◆ **DIRECTIONS**
Set down each entry exactly; omit images.
##### GIVEN ENTRIES #####
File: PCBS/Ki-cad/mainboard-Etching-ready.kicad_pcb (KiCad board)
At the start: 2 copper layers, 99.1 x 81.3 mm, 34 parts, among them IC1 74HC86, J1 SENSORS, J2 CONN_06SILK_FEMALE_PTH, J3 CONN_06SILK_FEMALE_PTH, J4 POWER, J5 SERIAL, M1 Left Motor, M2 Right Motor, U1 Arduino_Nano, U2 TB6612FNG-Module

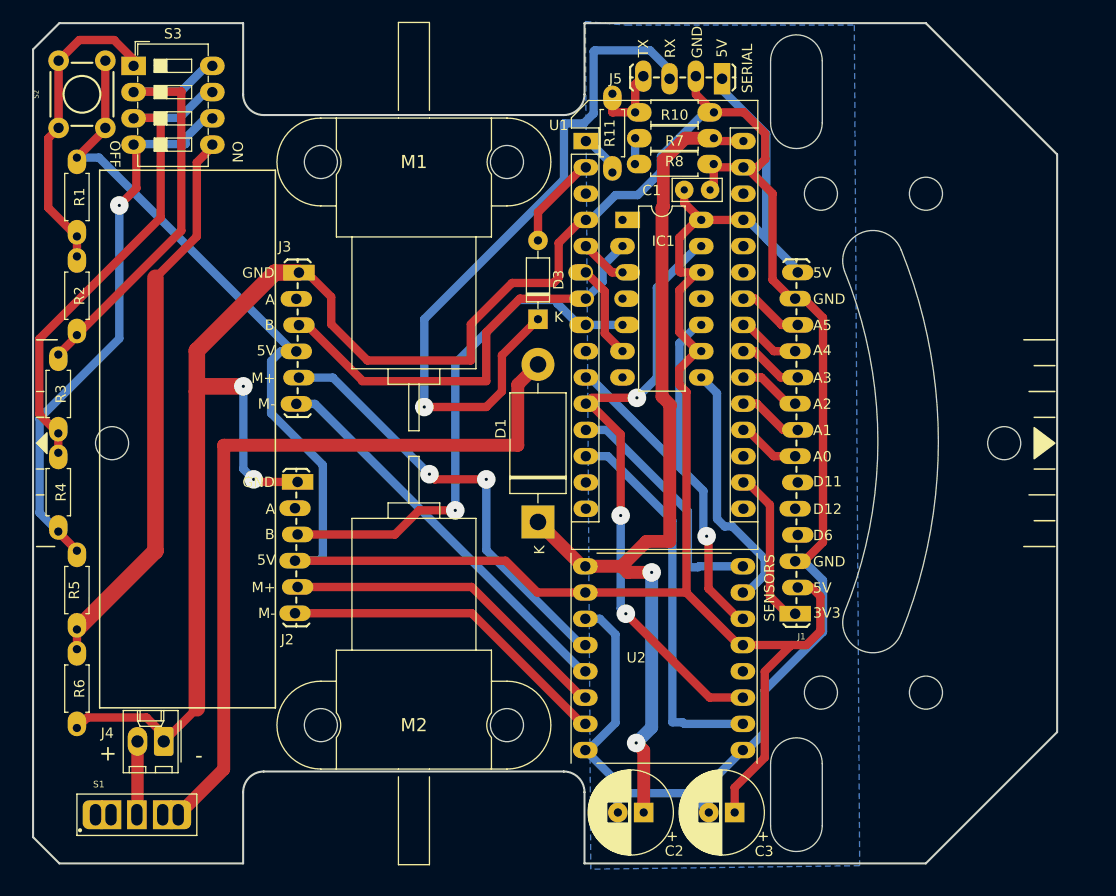
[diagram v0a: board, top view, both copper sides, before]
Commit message: ki cad files update according to easier to solder versions
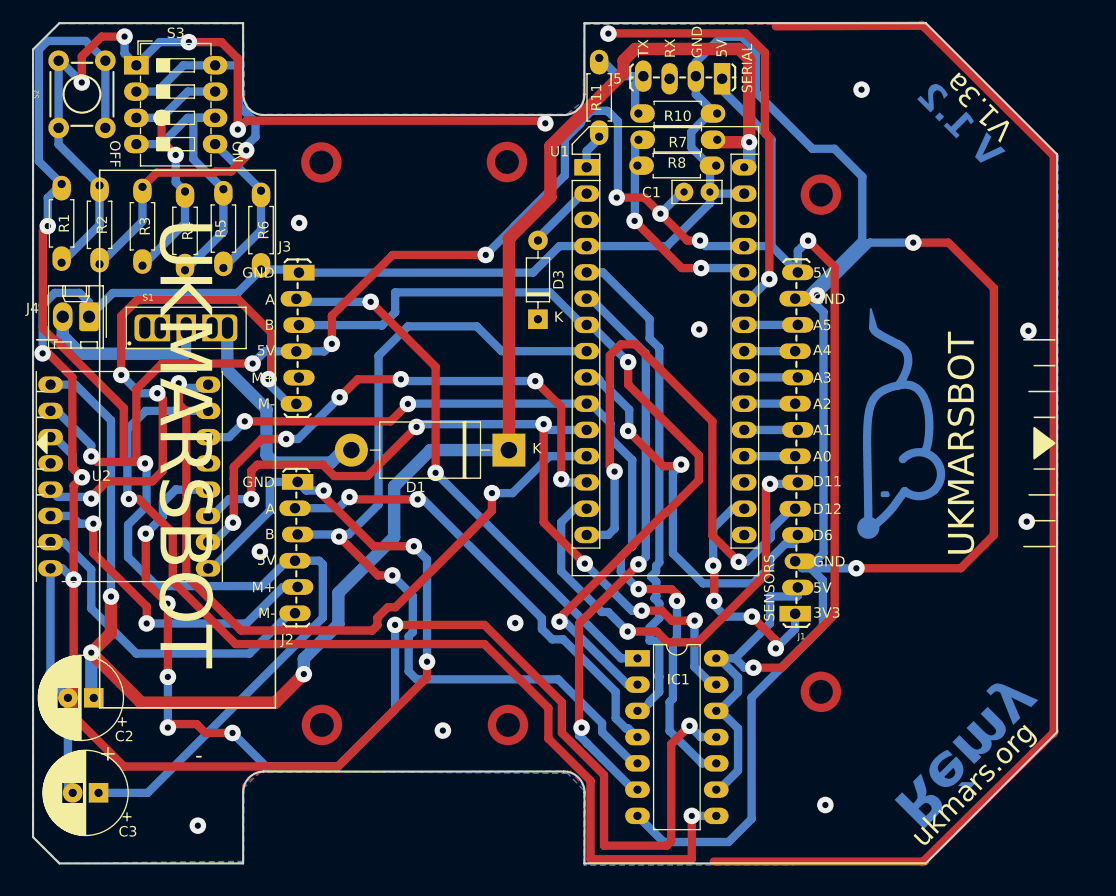
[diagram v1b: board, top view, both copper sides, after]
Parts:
- removed H1, H2, H3, H4, H5, H6: MountingHole, ukmarsbot:MountingHole_3.2mm_M3_clearance
- removed M1: Left Motor, ukmarsbot:MINI-METAL-GEARMOTOR-WITH-BRACKET
- removed M2: Right Motor, ukmarsbot:MINI-METAL-GEARMOTOR-WITH-BRACKET
- moved C3 61.6 mm to (74.5, 138.8)
- moved U2 54.6 mm to (77.5, 108.2)
- moved C2 54.3 mm to (74.0, 129.6)
- moved R6 47.8 mm to (90.2, 88.2)
- moved S1 47.3 mm to (83.0, 93.8)
- moved IC1 42.4 mm to (126.6, 125.8)
- moved J4 41.7 mm to (73.6, 92.8)
- moved R5 37.7 mm to (86.6, 80.4)
- moved R4 28.1 mm to (82.9, 88.3)
- moved R3 18.1 mm to (78.7, 87.8)
- moved D1 7.50 mm to (114.2, 105.7), turned to 180 degrees
- moved R2 7.20 mm to (74.6, 87.7)
- moved R11 3.69 mm to (122.9, 67.7)
- moved R1 2.95 mm to (70.9, 87.5)
- moved U1 2.54 mm to (121.7, 78.3)
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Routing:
- net GND: track 270.4 -> 426.7 mm, vias 2 -> 19
- net //RIGHT_DIR: track 0.00 -> 118.9 mm, vias 0 -> 7
- net 5V: track 221.0 -> 336.5 mm, vias 0 -> 11
- net /FUNCTION_SELECT: track 30.0 -> 126.2 mm, vias 0 -> 7
- net //LEFT_DIR: track 24.9 -> 99.7 mm, vias 0 -> 2
- net /V_BATT: track 88.8 -> 162.3 mm, vias 2 -> 4
- net /RXD_BT: track 67.9 -> 0.00 mm, vias 1 -> 0
- net /EMITTER_B: track 0.00 -> 56.9 mm, vias 0 -> 2
- net /LEFT_A: track 0.00 -> 53.4 mm, vias 0 -> 2
- net /SW_PWR: track 74.6 -> 22.5 mm
- net /LEFT_PWM: track 23.9 -> 71.4 mm, vias 0 -> 2
- net /RIGHT_CLK_A: track 9.09 -> 55.5 mm, vias 0 -> 2
- net /RIGHT_A: track 0.00 -> 45.3 mm, vias 0 -> 2
- net /LEFT_CLK_A: track 4.88 -> 49.8 mm
- net /EMITTER_A: track 0.00 -> 44.8 mm, vias 0 -> 2
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- added copper zone on F.Cu, net GND
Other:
- outline, holes or cut-outs redrawn
- board text added: "Rémy"
- board text added: "UKMARSBOT"
- board text added: "V 1.2"
- board text added: "V1.3a"
- board text added: "ukmars.org"
- board text removed: "Ratatouille"
- board text removed: "V1"
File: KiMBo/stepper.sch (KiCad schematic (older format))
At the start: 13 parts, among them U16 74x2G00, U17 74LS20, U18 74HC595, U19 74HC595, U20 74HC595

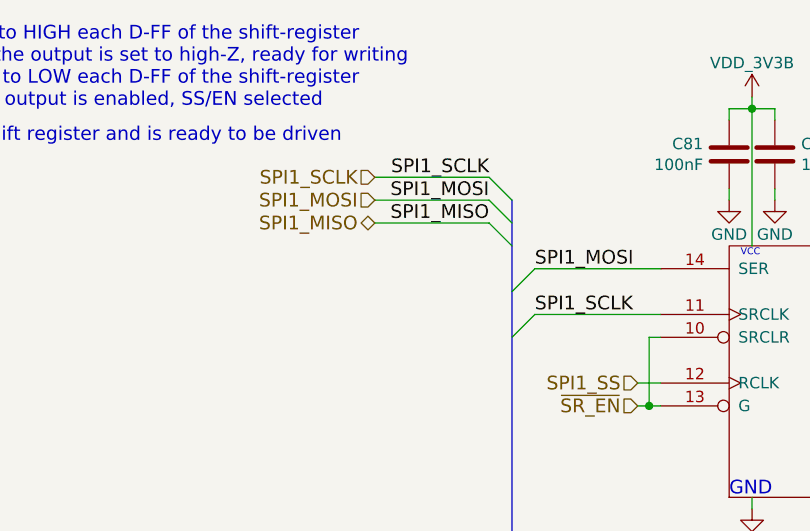
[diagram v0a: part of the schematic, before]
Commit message: Change the endstop RC filter
Lower the time constant

Reduce the series resistor to 100Ohms
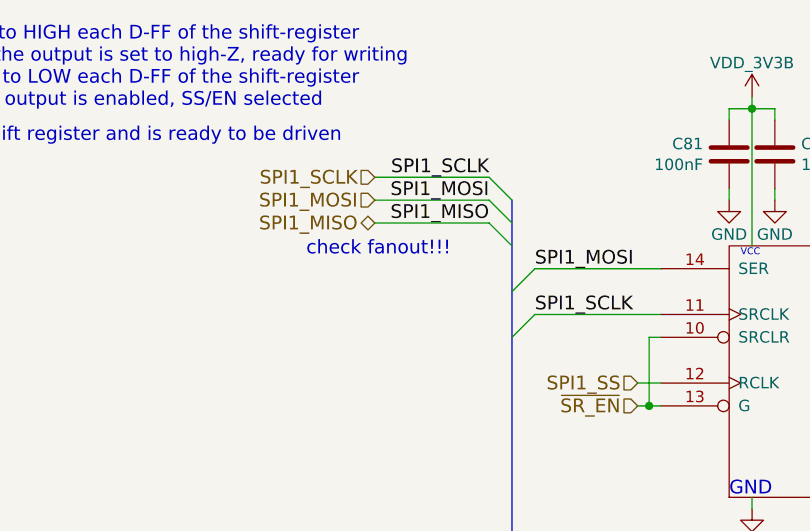
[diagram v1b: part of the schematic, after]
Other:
- note added: "check fanout!!!"
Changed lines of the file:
@@
 Wire Wire Line
 	3000 6800 2900 6800
+Text Notes 3400 1600 0    60   ~ 0
+check fanout!!!
 $EndSCHEMATC

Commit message: Connect X and Z stepper driver open-drain DIAG0 and DIAG1 lines together
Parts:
- removed C79, C80: 100nF, Capacitors_SMD:C_0402, symbol C
- removed U16: 74x2G00, symbol 74x2G00
- removed U17: 74LS20, symbol 74LS20
- renumbered C81 to C79, C82 to C80, C83 to C81, C84 to C82, C85 to C83, C86 to C84, U18 to U16, U19 to U17, U20 to U18
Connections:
- net labels removed: X0_FAULT, X0_SG, X1_FAULT, X1_SG, Z0_FAULT, Z0_SG, Z1_FAULT, Z1_SG, Z2_FAULT, Z2_SG
- wire segments 209 -> 177

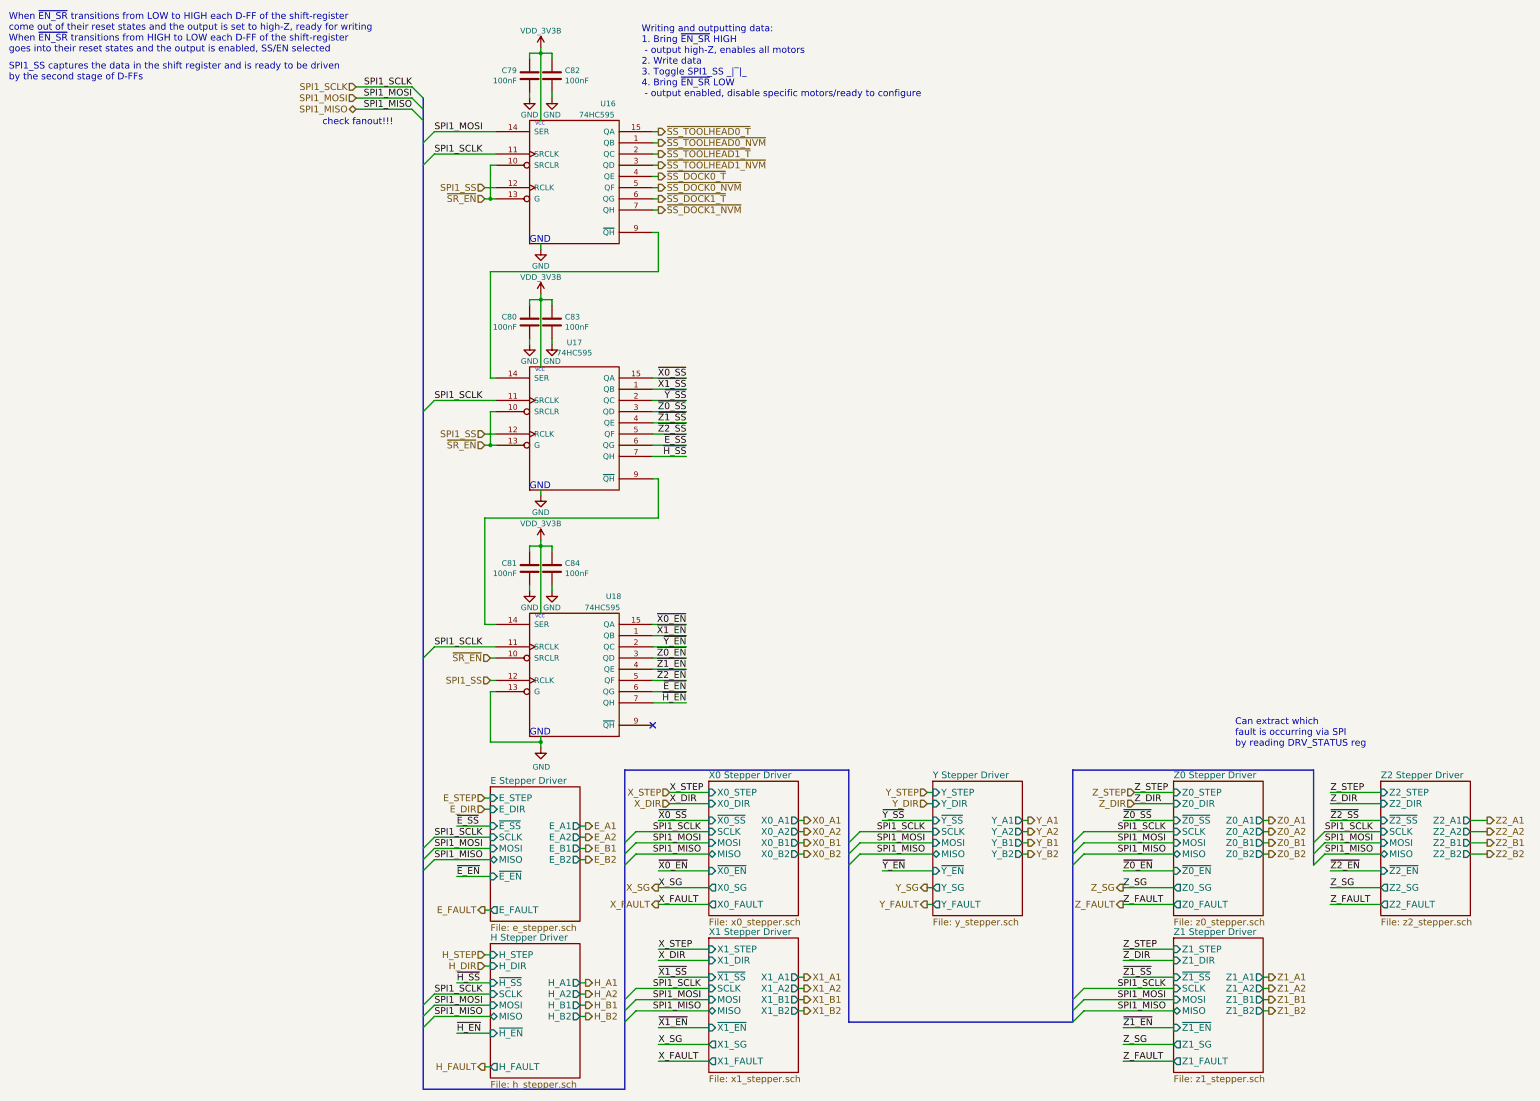
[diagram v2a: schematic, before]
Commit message: Leave SPI0 free for a display, reassign pins so SPI1 is available
Fix some typos/errors
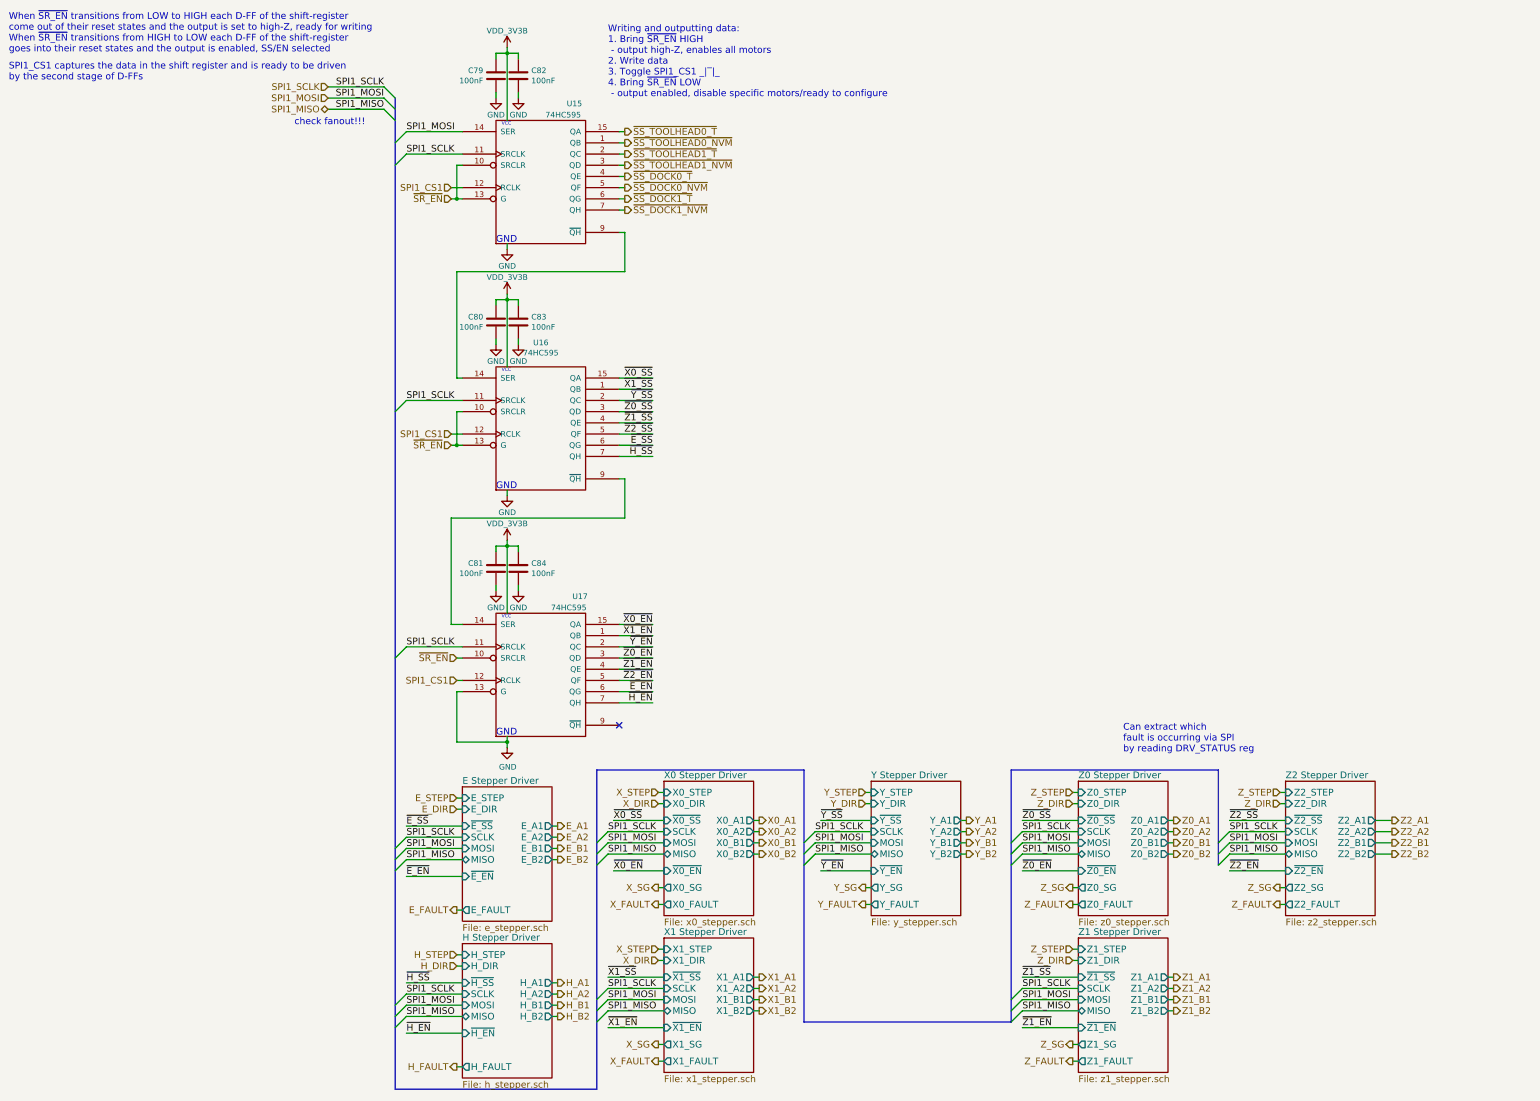
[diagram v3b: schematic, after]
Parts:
- renumbered U16 to U15, U17 to U16, U18 to U17
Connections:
- net SPI1_SS renamed SPI1_CS1
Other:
- note added: "SPI1_CS1 captures the data in the shift register and is ready to be driven\nby the second stage of D-FFs"
- note added: "When ~SR_EN~ transitions from LOW to HIGH each D-FF of the shift-register\ncome out of their reset states and the output is set to high-Z, ready for writing\nWhen ~SR_EN~ transitions from HIGH to LOW each D-FF of the shift-register\ngoes into their reset states and the output is enabled, SS/EN selected"
- note added: "Writing and outputting data:\n1. Bring ~SR_EN~ HIGH\n - output high-Z, enables all motors\n2. Write data\n3. Toggle SPI1_CS1 _|‾|_\n4. Bring ~SR_EN~ LOW\n - output enabled, disable specific motors/ready to configure"
- note removed: "SPI1_SS captures the data in the shift register and is ready to be driven\nby the second stage of D-FFs"
- note removed: "When ~EN_SR~ transitions from LOW to HIGH each D-FF of the shift-register\ncome out of their reset states and the output is set to high-Z, ready for writing\nWhen ~EN_SR~ transitions from HIGH to LOW each D-FF of the shift-register\ngoes into their reset states and the output is enabled, SS/EN selected"
- note removed: "Writing and outputting data:\n1. Bring ~EN_SR~ HIGH\n - output high-Z, enables all motors\n2. Write data\n3. Toggle SPI1_SS _|‾|_\n4. Bring ~EN_SR~ LOW\n - output enabled, disable specific motors/ready to configure"
- moved on the sheet: C79, C80, C81, C82, C83, C84, U15, U16, U17

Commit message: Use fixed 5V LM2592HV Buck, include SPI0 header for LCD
#####
◆ **EXERCISE ANSWER**
File: PCBS/Ki-cad/mainboard-Etching-ready.kicad_pcb (KiCad board)
At the start: 2 copper layers, 99.1 x 81.3 mm, 34 parts, among them IC1 74HC86, J1 SENSORS, J2 CONN_06SILK_FEMALE_PTH, J3 CONN_06SILK_FEMALE_PTH, J4 POWER, J5 SERIAL, M1 Left Motor, M2 Right Motor, U1 Arduino_Nano, U2 TB6612FNG-Module

[diagram v0a: board, top view, both copper sides, before]
Commit message: ki cad files update according to easier to solder versions
[diagram v1b: board, top view, both copper sides, after]
Parts:
- removed H1, H2, H3, H4, H5, H6: MountingHole, ukmarsbot:MountingHole_3.2mm_M3_clearance
- removed M1: Left Motor, ukmarsbot:MINI-METAL-GEARMOTOR-WITH-BRACKET
- removed M2: Right Motor, ukmarsbot:MINI-METAL-GEARMOTOR-WITH-BRACKET
- moved C3 61.6 mm to (74.5, 138.8)
- moved U2 54.6 mm to (77.5, 108.2)
- moved C2 54.3 mm to (74.0, 129.6)
- moved R6 47.8 mm to (90.2, 88.2)
- moved S1 47.3 mm to (83.0, 93.8)
- moved IC1 42.4 mm to (126.6, 125.8)
- moved J4 41.7 mm to (73.6, 92.8)
- moved R5 37.7 mm to (86.6, 80.4)
- moved R4 28.1 mm to (82.9, 88.3)
- moved R3 18.1 mm to (78.7, 87.8)
- moved D1 7.50 mm to (114.2, 105.7), turned to 180 degrees
- moved R2 7.20 mm to (74.6, 87.7)
- moved R11 3.69 mm to (122.9, 67.7)
- moved R1 2.95 mm to (70.9, 87.5)
- moved U1 2.54 mm to (121.7, 78.3)
Routing:
- net GND: track 270.4 -> 426.7 mm, vias 2 -> 19
- net //RIGHT_DIR: track 0.00 -> 118.9 mm, vias 0 -> 7
- net 5V: track 221.0 -> 336.5 mm, vias 0 -> 11
- net /FUNCTION_SELECT: track 30.0 -> 126.2 mm, vias 0 -> 7
- net //LEFT_DIR: track 24.9 -> 99.7 mm, vias 0 -> 2
- net /V_BATT: track 88.8 -> 162.3 mm, vias 2 -> 4
- net /RXD_BT: track 67.9 -> 0.00 mm, vias 1 -> 0
- net /EMITTER_B: track 0.00 -> 56.9 mm, vias 0 -> 2
- net /LEFT_A: track 0.00 -> 53.4 mm, vias 0 -> 2
- net /SW_PWR: track 74.6 -> 22.5 mm
- net /LEFT_PWM: track 23.9 -> 71.4 mm, vias 0 -> 2
- net /RIGHT_CLK_A: track 9.09 -> 55.5 mm, vias 0 -> 2
- net /RIGHT_A: track 0.00 -> 45.3 mm, vias 0 -> 2
- net /LEFT_CLK_A: track 4.88 -> 49.8 mm
- net /EMITTER_A: track 0.00 -> 44.8 mm, vias 0 -> 2
- added copper zone on F.Cu, net GND
Other:
- outline, holes or cut-outs redrawn
- board text added: "Rémy"
- board text added: "UKMARSBOT"
- board text added: "V 1.2"
- board text added: "V1.3a"
- board text added: "ukmars.org"
- board text removed: "Ratatouille"
- board text removed: "V1"
File: KiMBo/stepper.sch (KiCad schematic (older format))
At the start: 13 parts, among them U16 74x2G00, U17 74LS20, U18 74HC595, U19 74HC595, U20 74HC595

[diagram v0a: part of the schematic, before]
Commit message: Change the endstop RC filter
Lower the time constant

Reduce the series resistor to 100Ohms
[diagram v1b: part of the schematic, after]
Other:
- note added: "check fanout!!!"
Changed lines of the file:
@@
 Wire Wire Line
 	3000 6800 2900 6800
+Text Notes 3400 1600 0    60   ~ 0
+check fanout!!!
 $EndSCHEMATC

Commit message: Connect X and Z stepper driver open-drain DIAG0 and DIAG1 lines together
Parts:
- removed C79, C80: 100nF, Capacitors_SMD:C_0402, symbol C
- removed U16: 74x2G00, symbol 74x2G00
- removed U17: 74LS20, symbol 74LS20
- renumbered C81 to C79, C82 to C80, C83 to C81, C84 to C82, C85 to C83, C86 to C84, U18 to U16, U19 to U17, U20 to U18
Connections:
- net labels removed: X0_FAULT, X0_SG, X1_FAULT, X1_SG, Z0_FAULT, Z0_SG, Z1_FAULT, Z1_SG, Z2_FAULT, Z2_SG
- wire segments 209 -> 177

[diagram v2a: schematic, before]
Commit message: Leave SPI0 free for a display, reassign pins so SPI1 is available
Fix some typos/errors
[diagram v3b: schematic, after]
Parts:
- renumbered U16 to U15, U17 to U16, U18 to U17
Connections:
- net SPI1_SS renamed SPI1_CS1
Other:
- note added: "SPI1_CS1 captures the data in the shift register and is ready to be driven\nby the second stage of D-FFs"
- note added: "When ~SR_EN~ transitions from LOW to HIGH each D-FF of the shift-register\ncome out of their reset states and the output is set to high-Z, ready for writing\nWhen ~SR_EN~ transitions from HIGH to LOW each D-FF of the shift-register\ngoes into their reset states and the output is enabled, SS/EN selected"
- note added: "Writing and outputting data:\n1. Bring ~SR_EN~ HIGH\n - output high-Z, enables all motors\n2. Write data\n3. Toggle SPI1_CS1 _|‾|_\n4. Bring ~SR_EN~ LOW\n - output enabled, disable specific motors/ready to configure"
- note removed: "SPI1_SS captures the data in the shift register and is ready to be driven\nby the second stage of D-FFs"
- note removed: "When ~EN_SR~ transitions from LOW to HIGH each D-FF of the shift-register\ncome out of their reset states and the output is set to high-Z, ready for writing\nWhen ~EN_SR~ transitions from HIGH to LOW each D-FF of the shift-register\ngoes into their reset states and the output is enabled, SS/EN selected"
- note removed: "Writing and outputting data:\n1. Bring ~EN_SR~ HIGH\n - output high-Z, enables all motors\n2. Write data\n3. Toggle SPI1_SS _|‾|_\n4. Bring ~EN_SR~ LOW\n - output enabled, disable specific motors/ready to configure"
- moved on the sheet: C79, C80, C81, C82, C83, C84, U15, U16, U17

Commit message: Use fixed 5V LM2592HV Buck, include SPI0 header for LCD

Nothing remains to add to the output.